We finally got moving, wary under very different conditions. The sky was now streaked with muted greys, almost black in places, layering the whole park with a shroud. Autumn foliage was no longer vibrant and bright, but consisted of muted browns and muddy olive greens. We hoped it might clear with time, but sensibly planned for the more likely scenario – dull, persistent rain. With waterproof jackets donned, we started off in the reverse direction of yesterday’s run, following the lake shore on easy paths. We covered distance quickly and soon were back at the tall straight bridge, but passed by rather than crossing. From here the path quickly deteriorated, a less used route. It was steeper now, up and down in rugged, rocky bumps, the surface deeply cracked and broken like it had recently been subject to flash floods.
We had to dismount and push for a couple of the steeper climbs, the path too poor to gain traction. Soon after we joined a tarmac road, glad for the easy going. With a miserable drizzle filling the air, and with low visibility across the lake, we decided to stick on the road and enjoy a simpler stretch, cruising downhill and across a river before rising smoothly up to meet the main dam. We paused soon after to nibble fruit cake on a timber bench and could barely see the walls of the dam opposite – such a different day from before. Soaked through and devoid of views, we pushed on with a shortcut in mind. Before we got there Nicky’s front tyre was punctured and we had to pause on the path, in heavy rain, to fix it. Only here did we discover all our glues had expired so a patch was impossible but we also carried a spare tube, so this was fitted and we were on our way again.
At the top left-hand corner of the lake, near Landa, we decided to forego the shore-hugging cycle route and, heads down, quickly progressed down the shorter, straighter, easy tarmac route to Marieta. Turning right off the road, we re-joined the wiggling cycle path, walked across a pedestrian bridge we’d ran over the day before and, after another grassy shortcut, we happily arrived back at Benny. Our shortcut had reduced the lap to 37km, rather than the expected 44km. Drying, cleaning, rinsing, showering and packing dominated our next hour, as we faced the usual motorhome struggle of what to do with a load of sodden gear, especially when the rains persist outside.
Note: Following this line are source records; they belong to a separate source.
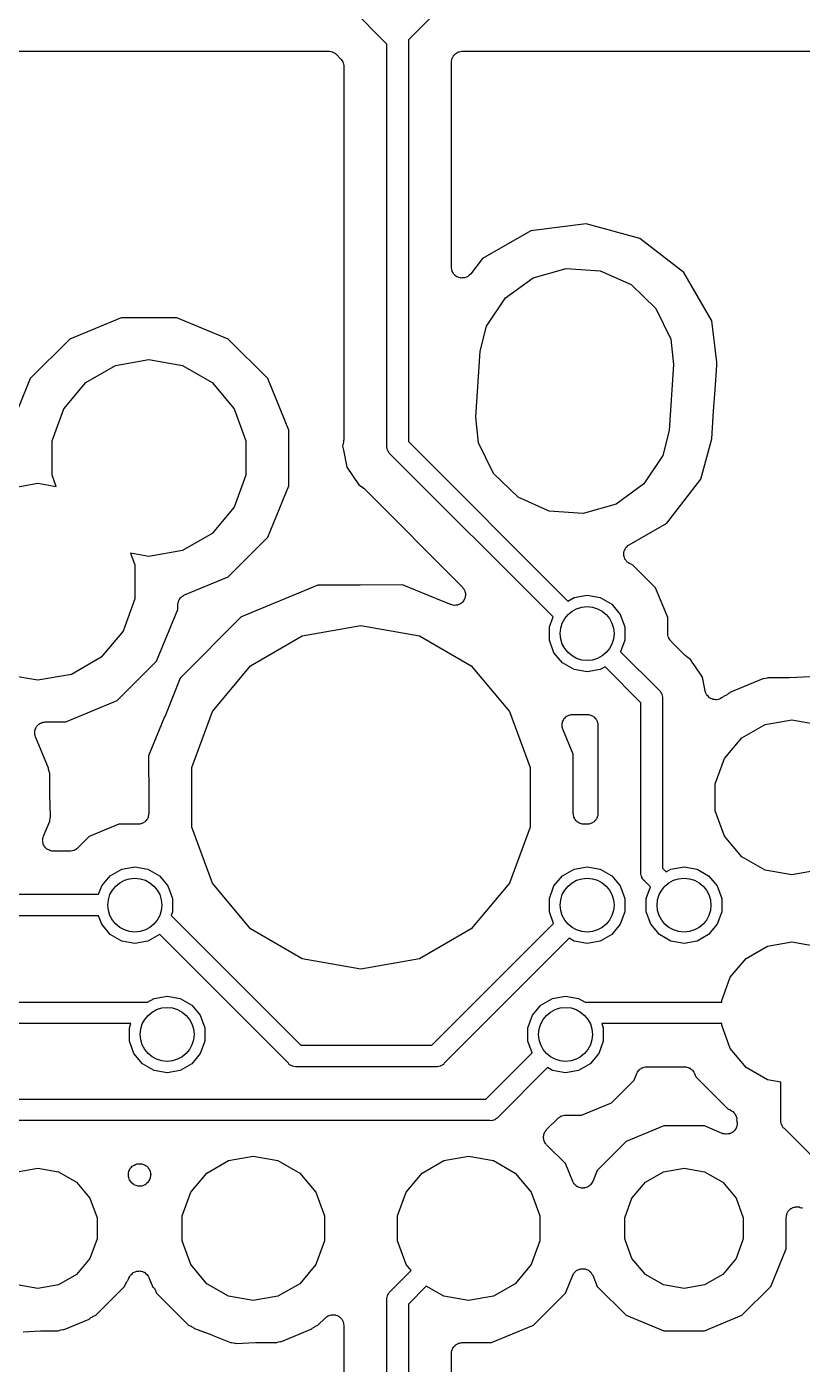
# Model space of a CAD drawing. Extents: x 240.1 to 314.9, y -176.2 to -102.8.
# Drawn here: x 264.03 to 273.17, y -155.27 to -139.51 of the extents above; entities that cross this region are included whole.
import ezdxf

# ---------------------------------------------------------------- set-up
doc = ezdxf.new("R2010")
doc.units = 0
doc.header["$MEASUREMENT"] = 0
doc.layers.add('BLACK', color=7, linetype='CONTINUOUS')

msp = doc.modelspace()

# ---------------------------------------------------------------- linework, layer by layer
at = {"layer": 'BLACK', "linetype": 'CONTINUOUS'}
for p, q in [((268.275, -139.713), (267.849, -139.287)), ((268.906, -139.287), (268.529, -139.664)), ((256.473, -139.795), (267.586, -139.795)), ((267.586, -139.795), (267.592, -139.796)), ((267.592, -139.796), (267.597, -139.795)), ((267.597, -139.795), (267.613, -139.8)), ((267.613, -139.8), (267.63, -139.803)), ((267.63, -139.803), (267.634, -139.805)), ((267.634, -139.805), (267.64, -139.807)), ((267.64, -139.807), (267.653, -139.816)), ((268.275, -144.444), (268.275, -139.713)), ((268.529, -139.664), (268.529, -139.666)), ((268.529, -139.666), (268.529, -144.397)), ((269.101, -139.816), (269.115, -139.807)), ((269.115, -139.807), (269.12, -139.805)), ((269.12, -139.805), (269.125, -139.803)), ((269.125, -139.803), (269.142, -139.8)), ((269.142, -139.8), (269.158, -139.795)), ((269.158, -139.795), (269.163, -139.796)), ((269.163, -139.796), (269.169, -139.795)), ((269.169, -139.795), (286.636, -139.795)), ((267.653, -139.816), (267.668, -139.825)), ((267.668, -139.825), (267.671, -139.829)), ((267.671, -139.829), (267.676, -139.832)), ((267.676, -139.832), (267.73, -139.886)), ((267.73, -139.886), (267.733, -139.89)), ((267.733, -139.89), (267.737, -139.894)), ((267.737, -139.894), (267.745, -139.908)), ((267.745, -139.908), (267.755, -139.922)), ((267.755, -139.922), (267.756, -139.927)), ((267.756, -139.927), (267.759, -139.932)), ((267.759, -139.932), (267.762, -139.949)), ((267.762, -139.949), (267.766, -139.965)), ((267.766, -139.965), (267.766, -139.97)), ((267.766, -139.97), (267.767, -139.976)), ((269.037, -139.916), (269.042, -139.9)), ((269.038, -139.921), (269.037, -139.916)), ((269.037, -139.927), (269.038, -139.921)), ((269.037, -142.344), (269.037, -139.927)), ((269.042, -139.9), (269.044, -139.883)), ((269.044, -139.883), (269.047, -139.879)), ((269.047, -139.879), (269.049, -139.873)), ((269.049, -139.873), (269.058, -139.86)), ((269.058, -139.859), (269.059, -139.858)), ((269.058, -139.86), (269.058, -139.859)), ((269.059, -139.858), (269.067, -139.845)), ((269.059, -139.858), (269.059, -139.858)), ((269.067, -139.845), (269.071, -139.842)), ((269.071, -139.842), (269.074, -139.837)), ((269.074, -139.837), (269.079, -139.832)), ((269.079, -139.832), (269.083, -139.829)), ((269.083, -139.829), (269.087, -139.825)), ((269.087, -139.825), (269.1, -139.817)), ((269.1, -139.817), (269.1, -139.817)), ((269.1, -139.817), (269.101, -139.817)), ((269.101, -139.817), (269.101, -139.816)), ((267.767, -139.976), (267.767, -144.375)), ((270.626, -141.831), (269.974, -141.914)), ((271.26, -142.003), (270.626, -141.831)), ((269.974, -141.914), (269.404, -142.241)), ((271.779, -142.404), (271.26, -142.003)), ((269.404, -142.241), (269.264, -142.422)), ((269.037, -142.347), (269.037, -142.344)), ((269.037, -142.349), (269.037, -142.347)), ((269.041, -142.368), (269.037, -142.349)), ((269.044, -142.388), (269.041, -142.368)), ((269.046, -142.39), (269.044, -142.388)), ((269.046, -142.392), (269.046, -142.39)), ((269.057, -142.409), (269.046, -142.392)), ((269.067, -142.426), (269.057, -142.409)), ((269.068, -142.428), (269.067, -142.426)), ((269.07, -142.43), (269.068, -142.428)), ((269.085, -142.442), (269.07, -142.43)), ((269.1, -142.454), (269.085, -142.442)), ((269.103, -142.455), (269.1, -142.454)), ((269.105, -142.457), (269.103, -142.455)), ((269.123, -142.463), (269.105, -142.457)), ((269.142, -142.469), (269.123, -142.463)), ((269.144, -142.469), (269.142, -142.469)), ((269.147, -142.47), (269.144, -142.469)), ((269.166, -142.469), (269.147, -142.47)), ((269.186, -142.469), (269.166, -142.469)), ((269.188, -142.468), (269.186, -142.469)), ((269.191, -142.468), (269.188, -142.468)), ((269.209, -142.461), (269.191, -142.468)), ((269.227, -142.454), (269.209, -142.461)), ((269.229, -142.453), (269.227, -142.454)), ((269.232, -142.452), (269.229, -142.453)), ((269.246, -142.438), (269.232, -142.452)), ((269.261, -142.426), (269.246, -142.438)), ((269.262, -142.424), (269.261, -142.426)), ((269.264, -142.422), (269.262, -142.424)), ((269.674, -142.705), (270, -142.467)), ((270, -142.467), (270.388, -142.356)), ((270.388, -142.356), (270.79, -142.384)), ((270.79, -142.384), (271.158, -142.547)), ((272.106, -142.974), (271.779, -142.404)), ((271.158, -142.547), (271.448, -142.827)), ((269.449, -143.039), (269.674, -142.705)), ((265.142, -142.939), (264.535, -143.19)), ((265.798, -142.939), (265.142, -142.939)), ((266.405, -143.19), (265.798, -142.939)), ((271.448, -142.827), (271.625, -143.189)), ((269.377, -143.332), (269.449, -143.039)), ((272.168, -143.461), (272.106, -142.974)), ((264.535, -143.19), (264.07, -143.655)), ((266.87, -143.655), (266.405, -143.19)), ((271.625, -143.189), (271.657, -143.489)), ((265.073, -143.499), (265.47, -143.429)), ((265.47, -143.429), (265.867, -143.499)), ((269.323, -144.111), (269.377, -143.332)), ((264.724, -143.701), (265.073, -143.499)), ((265.867, -143.499), (266.216, -143.701)), ((271.657, -143.489), (271.603, -144.268)), ((272.146, -143.787), (272.166, -143.497)), ((272.166, -143.497), (272.168, -143.461)), ((272.166, -143.497), (272.166, -143.497)), ((264.07, -143.655), (263.929, -143.995)), ((264.465, -144.01), (264.724, -143.701)), ((266.216, -143.701), (266.475, -144.01)), ((267.121, -144.262), (266.87, -143.655)), ((272.128, -144.04), (272.146, -143.787)), ((272.146, -143.787), (272.146, -143.787)), ((264.327, -144.388), (264.465, -144.01)), ((266.475, -144.01), (266.613, -144.388)), ((272.111, -144.297), (272.128, -144.04)), ((272.128, -144.04), (272.128, -144.04)), ((269.355, -144.411), (269.323, -144.111)), ((267.121, -144.918), (267.121, -144.262)), ((267.767, -144.375), (267.765, -144.387)), ((271.603, -144.268), (271.531, -144.561)), ((271.977, -144.84), (272.106, -144.366)), ((272.106, -144.366), (272.111, -144.297)), ((264.327, -144.792), (264.327, -144.388)), ((266.613, -144.388), (266.613, -144.792)), ((267.764, -144.4), (267.754, -144.45)), ((267.754, -144.45), (267.764, -144.5)), ((267.765, -144.387), (267.764, -144.4)), ((267.764, -144.5), (267.764, -144.5)), ((267.764, -144.5), (267.804, -144.698)), ((268.273, -144.461), (268.275, -144.444)), ((268.278, -144.477), (268.273, -144.461)), ((268.281, -144.494), (268.278, -144.477)), ((268.283, -144.499), (268.281, -144.494)), ((268.285, -144.504), (268.283, -144.499)), ((268.295, -144.518), (268.285, -144.504)), ((268.303, -144.533), (268.295, -144.518)), ((268.316, -144.544), (268.303, -144.533)), ((268.529, -144.397), (270.41, -146.278)), ((269.532, -144.773), (269.355, -144.411)), ((267.804, -144.698), (267.944, -144.908)), ((270.236, -146.463), (268.316, -144.544)), ((271.531, -144.561), (271.306, -144.895)), ((264.376, -144.928), (264.327, -144.792)), ((266.613, -144.792), (266.475, -145.17)), ((269.822, -145.053), (269.532, -144.773)), ((271.576, -145.359), (271.977, -144.84)), ((263.924, -144.931), (264.16, -144.889)), ((264.16, -144.889), (264.376, -144.928)), ((266.87, -145.525), (267.121, -144.918)), ((267.944, -144.908), (267.987, -144.936)), ((267.987, -144.936), (267.996, -144.945)), ((267.996, -144.945), (268.006, -144.952)), ((268.006, -144.952), (269.166, -146.112)), ((271.306, -144.895), (270.98, -145.133)), ((266.475, -145.17), (266.216, -145.479)), ((270.19, -145.216), (269.822, -145.053)), ((270.98, -145.133), (270.592, -145.244)), ((270.592, -145.244), (270.19, -145.216)), ((266.216, -145.479), (265.867, -145.681)), ((271.133, -145.613), (271.576, -145.359)), ((266.405, -145.99), (266.87, -145.525)), ((271.095, -145.649), (271.099, -145.641)), ((271.099, -145.641), (271.11, -145.632)), ((271.11, -145.632), (271.119, -145.622)), ((271.119, -145.622), (271.126, -145.618)), ((271.126, -145.618), (271.133, -145.613)), ((265.47, -145.751), (265.253, -145.712)), ((265.253, -145.712), (265.303, -145.848)), ((265.867, -145.681), (265.47, -145.751)), ((271.069, -145.723), (271.071, -145.709)), ((271.071, -145.731), (271.069, -145.723)), ((271.07, -145.74), (271.071, -145.731)), ((271.074, -145.753), (271.07, -145.74)), ((271.071, -145.709), (271.072, -145.696)), ((271.072, -145.696), (271.075, -145.688)), ((271.077, -145.766), (271.074, -145.753)), ((271.075, -145.688), (271.077, -145.679)), ((271.077, -145.679), (271.084, -145.668)), ((271.081, -145.774), (271.077, -145.766)), ((271.083, -145.782), (271.081, -145.774)), ((271.092, -145.793), (271.083, -145.782)), ((271.084, -145.668), (271.089, -145.655)), ((271.089, -145.655), (271.095, -145.649)), ((271.099, -145.804), (271.092, -145.793)), ((265.303, -145.848), (265.303, -146.252)), ((271.105, -145.81), (271.099, -145.804)), ((271.11, -145.817), (271.105, -145.81)), ((271.122, -145.824), (271.11, -145.817)), ((271.132, -145.833), (271.122, -145.824)), ((271.14, -145.836), (271.132, -145.833)), ((271.147, -145.84), (271.14, -145.836)), ((271.177, -145.853), (271.147, -145.84)), ((271.444, -146.12), (271.177, -145.853)), ((265.889, -146.203), (266.405, -145.99)), ((267.461, -146.088), (266.567, -146.459)), ((267.959, -146.088), (267.461, -146.088)), ((267.96, -146.088), (267.959, -146.088)), ((268.458, -146.084), (267.96, -146.088)), ((267.96, -146.088), (267.96, -146.088)), ((268.918, -146.274), (268.458, -146.084)), ((269.166, -146.112), (269.176, -146.127)), ((265.303, -146.252), (265.165, -146.63)), ((265.819, -146.277), (265.823, -146.27)), ((265.823, -146.27), (265.825, -146.262)), ((265.825, -146.262), (265.834, -146.251)), ((265.834, -146.251), (265.841, -146.239)), ((265.841, -146.239), (265.847, -146.234)), ((265.847, -146.234), (265.852, -146.227)), ((265.852, -146.227), (265.864, -146.22)), ((265.864, -146.22), (265.875, -146.211)), ((265.875, -146.211), (265.882, -146.208)), ((265.882, -146.208), (265.889, -146.203)), ((268.918, -146.275), (268.918, -146.274)), ((269.028, -146.319), (268.918, -146.275)), ((268.918, -146.275), (268.918, -146.275)), ((269.18, -146.274), (269.167, -146.288)), ((269.176, -146.127), (269.188, -146.142)), ((269.181, -146.271), (269.18, -146.274)), ((269.184, -146.269), (269.181, -146.271)), ((269.191, -146.251), (269.184, -146.269)), ((269.188, -146.142), (269.189, -146.145)), ((269.189, -146.145), (269.191, -146.148)), ((269.191, -146.148), (269.196, -146.166)), ((269.199, -146.234), (269.191, -146.251)), ((269.196, -146.166), (269.202, -146.184)), ((269.2, -146.228), (269.199, -146.231)), ((269.199, -146.231), (269.199, -146.234)), ((269.201, -146.209), (269.2, -146.228)), ((269.202, -146.19), (269.201, -146.209)), ((269.202, -146.184), (269.202, -146.187)), ((269.202, -146.187), (269.202, -146.19)), ((270.41, -146.278), (270.483, -146.236)), ((270.483, -146.236), (270.637, -146.209)), ((270.637, -146.209), (270.791, -146.236)), ((270.791, -146.236), (270.927, -146.314)), ((271.589, -146.471), (271.444, -146.12)), ((265.56, -146.985), (265.811, -146.378)), ((265.811, -146.321), (265.812, -146.312)), ((265.811, -146.378), (265.811, -146.321)), ((265.812, -146.304), (265.816, -146.291)), ((265.812, -146.312), (265.812, -146.304)), ((265.816, -146.291), (265.819, -146.277)), ((269.047, -146.323), (269.028, -146.319)), ((269.065, -146.328), (269.047, -146.323)), ((269.068, -146.328), (269.065, -146.328)), ((269.071, -146.328), (269.068, -146.328)), ((269.09, -146.326), (269.071, -146.328)), ((269.109, -146.324), (269.09, -146.326)), ((269.112, -146.323), (269.109, -146.324)), ((269.115, -146.322), (269.112, -146.323)), ((269.132, -146.314), (269.115, -146.322)), ((269.149, -146.306), (269.132, -146.314)), ((269.151, -146.303), (269.149, -146.306)), ((269.154, -146.302), (269.151, -146.303)), ((269.167, -146.288), (269.154, -146.302)), ((270.927, -146.314), (271.028, -146.434)), ((266.558, -146.464), (265.844, -147.178)), ((266.56, -146.463), (266.558, -146.464)), ((266.567, -146.459), (266.56, -146.463)), ((267.278, -146.687), (267.97, -146.565)), ((267.97, -146.565), (268.662, -146.687)), ((270.192, -146.582), (270.236, -146.463)), ((270.192, -146.738), (270.192, -146.582)), ((271.028, -146.434), (271.082, -146.582)), ((271.082, -146.582), (271.082, -146.738)), ((271.589, -146.662), (271.589, -146.471)), ((265.165, -146.63), (264.906, -146.939)), ((266.669, -147.039), (267.278, -146.687)), ((268.662, -146.687), (269.271, -147.039)), ((270.246, -146.886), (270.192, -146.738)), ((271.082, -146.738), (271.032, -146.875)), ((271.59, -146.667), (271.589, -146.662)), ((271.59, -146.673), (271.59, -146.667)), ((271.594, -146.689), (271.59, -146.673)), ((271.597, -146.705), (271.594, -146.689)), ((271.6, -146.71), (271.597, -146.705)), ((271.601, -146.716), (271.6, -146.71)), ((271.611, -146.729), (271.601, -146.716)), ((271.619, -146.744), (271.611, -146.729)), ((271.623, -146.747), (271.619, -146.744)), ((271.627, -146.752), (271.623, -146.747)), ((270.347, -147.006), (270.246, -146.886)), ((271.032, -146.875), (271.485, -147.328)), ((271.795, -146.92), (271.627, -146.752)), ((264.906, -146.939), (264.557, -147.141)), ((265.095, -147.45), (265.56, -146.985)), ((266.217, -147.578), (266.669, -147.039)), ((269.271, -147.039), (269.723, -147.578)), ((270.483, -147.084), (270.347, -147.006)), ((270.849, -147.051), (270.791, -147.084)), ((271.272, -147.475), (270.849, -147.051)), ((271.805, -146.927), (271.795, -146.92)), ((271.814, -146.936), (271.805, -146.927)), ((271.857, -146.964), (271.814, -146.936)), ((271.885, -147.007), (271.857, -146.964)), ((271.899, -147.028), (271.885, -147.007)), ((271.997, -147.174), (271.899, -147.028)), ((271.899, -147.028), (271.899, -147.028)), ((264.16, -147.211), (263.763, -147.141)), ((264.557, -147.141), (264.16, -147.211)), ((265.839, -147.186), (265.655, -147.642)), ((265.843, -147.18), (265.839, -147.186)), ((265.844, -147.178), (265.843, -147.18)), ((270.637, -147.111), (270.483, -147.084)), ((270.791, -147.084), (270.637, -147.111)), ((272.021, -147.296), (271.997, -147.174)), ((272.708, -147.194), (272.321, -147.355)), ((272.719, -147.194), (272.708, -147.194)), ((272.74, -147.189), (272.719, -147.194)), ((272.719, -147.194), (272.719, -147.194)), ((272.719, -147.194), (272.719, -147.194)), ((272.762, -147.184), (272.74, -147.189)), ((272.77, -147.181), (272.762, -147.184)), ((272.762, -147.184), (272.762, -147.184)), ((272.762, -147.184), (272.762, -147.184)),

We steamed cosily inside, reading and supping tea much of the afternoon.
Late afternoon, after a warming rest, we got a little restless and decided on a short walk. The weather had dried up and small patches of blue sky were visible in the otherwise grey murk. We followed the road back towards the tourist office, before cutting left to ascend to a local high point. Stone steps formed the route, our leg muscles being tested again. Adding just this small raise changed the perspective over the lake. We spent a few restful moments at the top picking out places we had visited and spotting key landmarks in the rolling landscape. A small number of vivid copper trees lit up the vista, set between a sea of darkened green, lime and white leaves. At a distance we could just see the river that had been dammed to form the reservoir.
At the bottom of the mound we passed a metal sculpture of a dinosaur-like creature that, like the polar bear in Tromsø before it, just had to be climbed. (always a child at heart).